Range = Maximum Value - Minimum Value
Range = 95 - 1
Range = 94

Step 4: Calculate the Number of Intervals

To calculate the number of intervals, we need to square root the value of the number of observations found in the data set such as the Number of Intervals is equals to 

√n = √40 = 6.32455532034 = 6

Step 5: Calculate the Width of Interval

To calculate the width of interval follow the following formula:

Width Value of intervals =  Range Number / (Number of intervals)
= 94/6 = 15.6666666667 = 15

Step 6: Find Interval of the Given Data Set

The final interval calculated after using the above observation is shown below:

(0-15), (16-31), (32-47), (48-63), (64-79), (80-95), (95-110)

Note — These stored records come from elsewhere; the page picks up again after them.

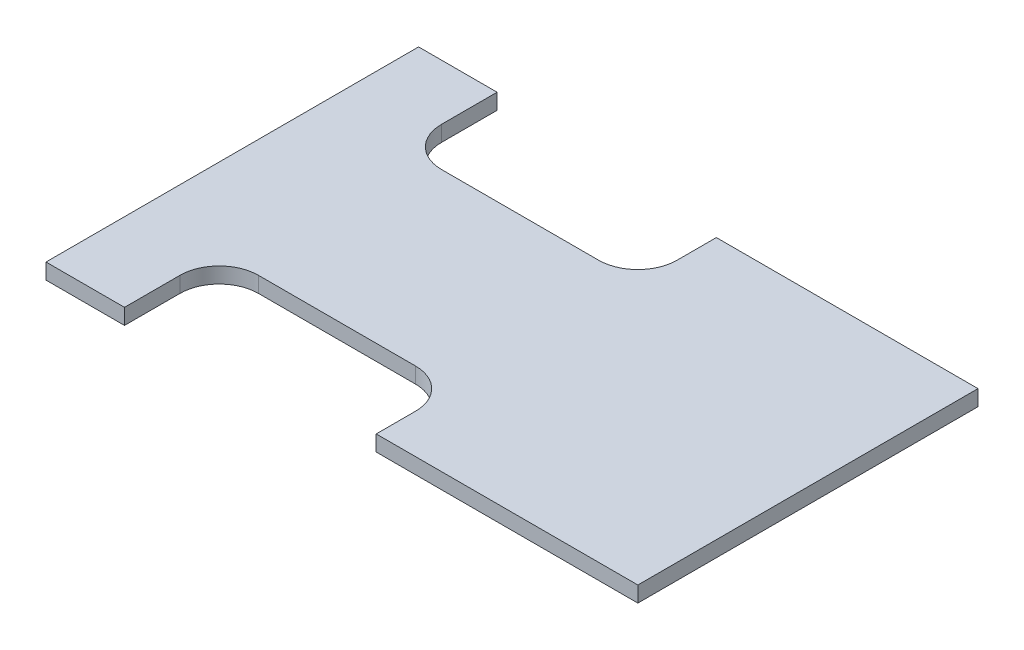
ISO-10303-21;
HEADER;
FILE_DESCRIPTION(('STEP AP214'),'2;1');
FILE_NAME('part.step','',(''),(''),'','','');
FILE_SCHEMA(('AUTOMOTIVE_DESIGN { 1 0 10303 214 1 1 1 1 }'));
ENDSEC;
DATA;
#1=APPLICATION_CONTEXT('core data for automotive mechanical design processes');
#2=APPLICATION_PROTOCOL_DEFINITION('international standard','automotive_design',2000,#1);
#3=PRODUCT_CONTEXT('',#1,'mechanical');
#4=PRODUCT('Part','Part','',(#3));
#5=PRODUCT_RELATED_PRODUCT_CATEGORY('part','',(#4));
#6=PRODUCT_DEFINITION_FORMATION('','',#4);
#7=PRODUCT_DEFINITION_CONTEXT('part definition',#1,'design');
#8=PRODUCT_DEFINITION('design','',#6,#7);
#9=PRODUCT_DEFINITION_SHAPE('','',#8);
#10=(LENGTH_UNIT() NAMED_UNIT(*) SI_UNIT(.MILLI.,.METRE.));
#11=(NAMED_UNIT(*) PLANE_ANGLE_UNIT() SI_UNIT($,.RADIAN.));
#12=(NAMED_UNIT(*) SI_UNIT($,.STERADIAN.) SOLID_ANGLE_UNIT());
#13=UNCERTAINTY_MEASURE_WITH_UNIT(LENGTH_MEASURE(1.E-05),#10,'distance_accuracy_value','');
#14=(GEOMETRIC_REPRESENTATION_CONTEXT(3) GLOBAL_UNCERTAINTY_ASSIGNED_CONTEXT((#13)) GLOBAL_UNIT_ASSIGNED_CONTEXT((#10,
#11,#12)) REPRESENTATION_CONTEXT('',''));
#15=CARTESIAN_POINT('',(0.,0.,0.));
#16=DIRECTION('',(0.,0.,1.));
#17=DIRECTION('',(1.,0.,0.));
#18=AXIS2_PLACEMENT_3D('',#15,#16,#17);
#19=CARTESIAN_POINT('',(110.,6.,-65.));
#20=DIRECTION('',(-1.,0.,0.));
#21=DIRECTION('',(0.,0.,1.));
#22=AXIS2_PLACEMENT_3D('',#19,#20,#21);
#23=PLANE('',#22);
#24=DIRECTION('',(0.,0.,-1.));
#25=VECTOR('',#24,1.);
#26=CARTESIAN_POINT('',(110.,0.,-65.));
#27=LINE('',#26,#25);
#28=CARTESIAN_POINT('',(110.,0.,65.));
#29=VERTEX_POINT('',#28);
#30=CARTESIAN_POINT('',(110.,0.,-65.));
#31=VERTEX_POINT('',#30);
#32=EDGE_CURVE('E210',#29,#31,#27,.T.);
#33=ORIENTED_EDGE('',*,*,#32,.T.);
#34=DIRECTION('',(0.,-1.,0.));
#35=VECTOR('',#34,1.);
#36=CARTESIAN_POINT('',(110.,6.,-65.));
#37=LINE('',#36,#35);
#38=CARTESIAN_POINT('',(110.,6.,-65.));
#39=VERTEX_POINT('',#38);
#40=EDGE_CURVE('E245',#39,#31,#37,.T.);
#41=ORIENTED_EDGE('',*,*,#40,.F.);
#42=DIRECTION('',(0.,0.,-1.));
#43=VECTOR('',#42,1.);
#44=CARTESIAN_POINT('',(110.,6.,-65.));
#45=LINE('',#44,#43);
#46=CARTESIAN_POINT('',(110.,6.,65.));
#47=VERTEX_POINT('',#46);
#48=EDGE_CURVE('E223',#47,#39,#45,.T.);
#49=ORIENTED_EDGE('',*,*,#48,.F.);
#50=DIRECTION('',(0.,-1.,0.));
#51=VECTOR('',#50,1.);
#52=CARTESIAN_POINT('',(110.,6.,65.));
#53=LINE('',#52,#51);
#54=EDGE_CURVE('E234',#47,#29,#53,.T.);
#55=ORIENTED_EDGE('',*,*,#54,.T.);
#56=EDGE_LOOP('',(#33,#41,#49,#55));
#57=FACE_BOUND('',#56,.T.);
#58=ADVANCED_FACE('F40',(#57),#23,.F.);
#59=CARTESIAN_POINT('',(-110.,6.,-65.));
#60=DIRECTION('',(0.,0.,1.));
#61=DIRECTION('',(1.,0.,0.));
#62=AXIS2_PLACEMENT_3D('',#59,#60,#61);
#63=PLANE('',#62);
#64=DIRECTION('',(-1.,0.,0.));
#65=VECTOR('',#64,1.);
#66=CARTESIAN_POINT('',(-110.,0.,-65.));
#67=LINE('',#66,#65);
#68=CARTESIAN_POINT('',(9.99999999999998,0.,-65.));
#69=VERTEX_POINT('',#68);
#70=EDGE_CURVE('E237',#31,#69,#67,.T.);
#71=ORIENTED_EDGE('',*,*,#70,.T.);
#72=DIRECTION('',(0.,1.,0.));
#73=VECTOR('',#72,1.);
#74=CARTESIAN_POINT('',(9.99999999999998,0.,-65.));
#75=LINE('',#74,#73);
#76=CARTESIAN_POINT('',(9.99999999999998,6.,-65.));
#77=VERTEX_POINT('',#76);
#78=EDGE_CURVE('E186',#69,#77,#75,.T.);
#79=ORIENTED_EDGE('',*,*,#78,.T.);
#80=DIRECTION('',(-1.,0.,0.));
#81=VECTOR('',#80,1.);
#82=CARTESIAN_POINT('',(-110.,6.,-65.));
#83=LINE('',#82,#81);
#84=EDGE_CURVE('E226',#39,#77,#83,.T.);
#85=ORIENTED_EDGE('',*,*,#84,.F.);
#86=ORIENTED_EDGE('',*,*,#40,.T.);
#87=EDGE_LOOP('',(#71,#79,#85,#86));
#88=FACE_BOUND('',#87,.T.);
#89=ADVANCED_FACE('F308',(#88),#63,.F.);
#90=CARTESIAN_POINT('',(-110.,6.,-65.));
#91=DIRECTION('',(1.,0.,0.));
#92=DIRECTION('',(0.,0.,-1.));
#93=AXIS2_PLACEMENT_3D('',#90,#91,#92);
#94=PLANE('',#93);
#95=DIRECTION('',(0.,0.,1.));
#96=VECTOR('',#95,1.);
#97=CARTESIAN_POINT('',(-110.,0.,-65.));
#98=LINE('',#97,#96);
#99=CARTESIAN_POINT('',(-110.,0.,-71.1999999999999));
#100=VERTEX_POINT('',#99);
#101=CARTESIAN_POINT('',(-110.,0.,71.2));
#102=VERTEX_POINT('',#101);
#103=EDGE_CURVE('E240',#100,#102,#98,.T.);
#104=ORIENTED_EDGE('',*,*,#103,.T.);
#105=DIRECTION('',(0.,1.,0.));
#106=VECTOR('',#105,1.);
#107=CARTESIAN_POINT('',(-110.,-30.6339680746717,71.2));
#108=LINE('',#107,#106);
#109=CARTESIAN_POINT('',(-110.,6.,71.2));
#110=VERTEX_POINT('',#109);
#111=EDGE_CURVE('E180',#102,#110,#108,.T.);
#112=ORIENTED_EDGE('',*,*,#111,.T.);
#113=DIRECTION('',(0.,0.,1.));
#114=VECTOR('',#113,1.);
#115=CARTESIAN_POINT('',(-110.,6.,-65.));
#116=LINE('',#115,#114);
#117=CARTESIAN_POINT('',(-110.,6.,-71.1999999999999));
#118=VERTEX_POINT('',#117);
#119=EDGE_CURVE('E230',#118,#110,#116,.T.);
#120=ORIENTED_EDGE('',*,*,#119,.F.);
#121=DIRECTION('',(0.,1.,0.));
#122=VECTOR('',#121,1.);
#123=CARTESIAN_POINT('',(-110.,-30.6339680746717,-71.1999999999999));
#124=LINE('',#123,#122);
#125=EDGE_CURVE('E172',#100,#118,#124,.T.);
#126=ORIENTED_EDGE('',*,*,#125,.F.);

From the above interval we use the starting value of each interval as the value of a bin. For example, the value of the bin used to plot the histogram is:

bins = [0, 16, 32, 48, 64, 80, 95]

Step 7: Use the Calculated Bin Value in Python

In the code given below the “plt.hist()” function is used to create the histogram of the calculated bin of the given data set:

Code:

import matplotlib.pyplot as plt
Data_Set = [1,5,10,15,20,25,30,35
          ,40,45,50,55,60,65,70,75,80,
          85,90,95,45,40,35,30,25,10,5,
          55,65,75,85,95,90,40,30,20,60,45,65, 20]
plt.hist(Data_Set, bins= [0, 16, 32, 48, 64, 80, 95])
plt.show()

In the above code, the calculated bin value is given as a parameter in the “plt.hist()” function.

Output:

The above output shows the histogram of the given “data_Set” value.

Conclusion

To plot the histogram, the “plt.hist()” function is used in Python. It can be modified using the “plt.hist()” attributes and the “plt.style.use()” function. The default bin value is “10 ”, and we can also calculate the value of the bin using various formulas. The histogram modification, such as labeling the title or axis, styling the graph, etc., is done using various functions of matplotlib. The tutorial delivered a complete guide on plotting a histogram using the Python matplotlib module.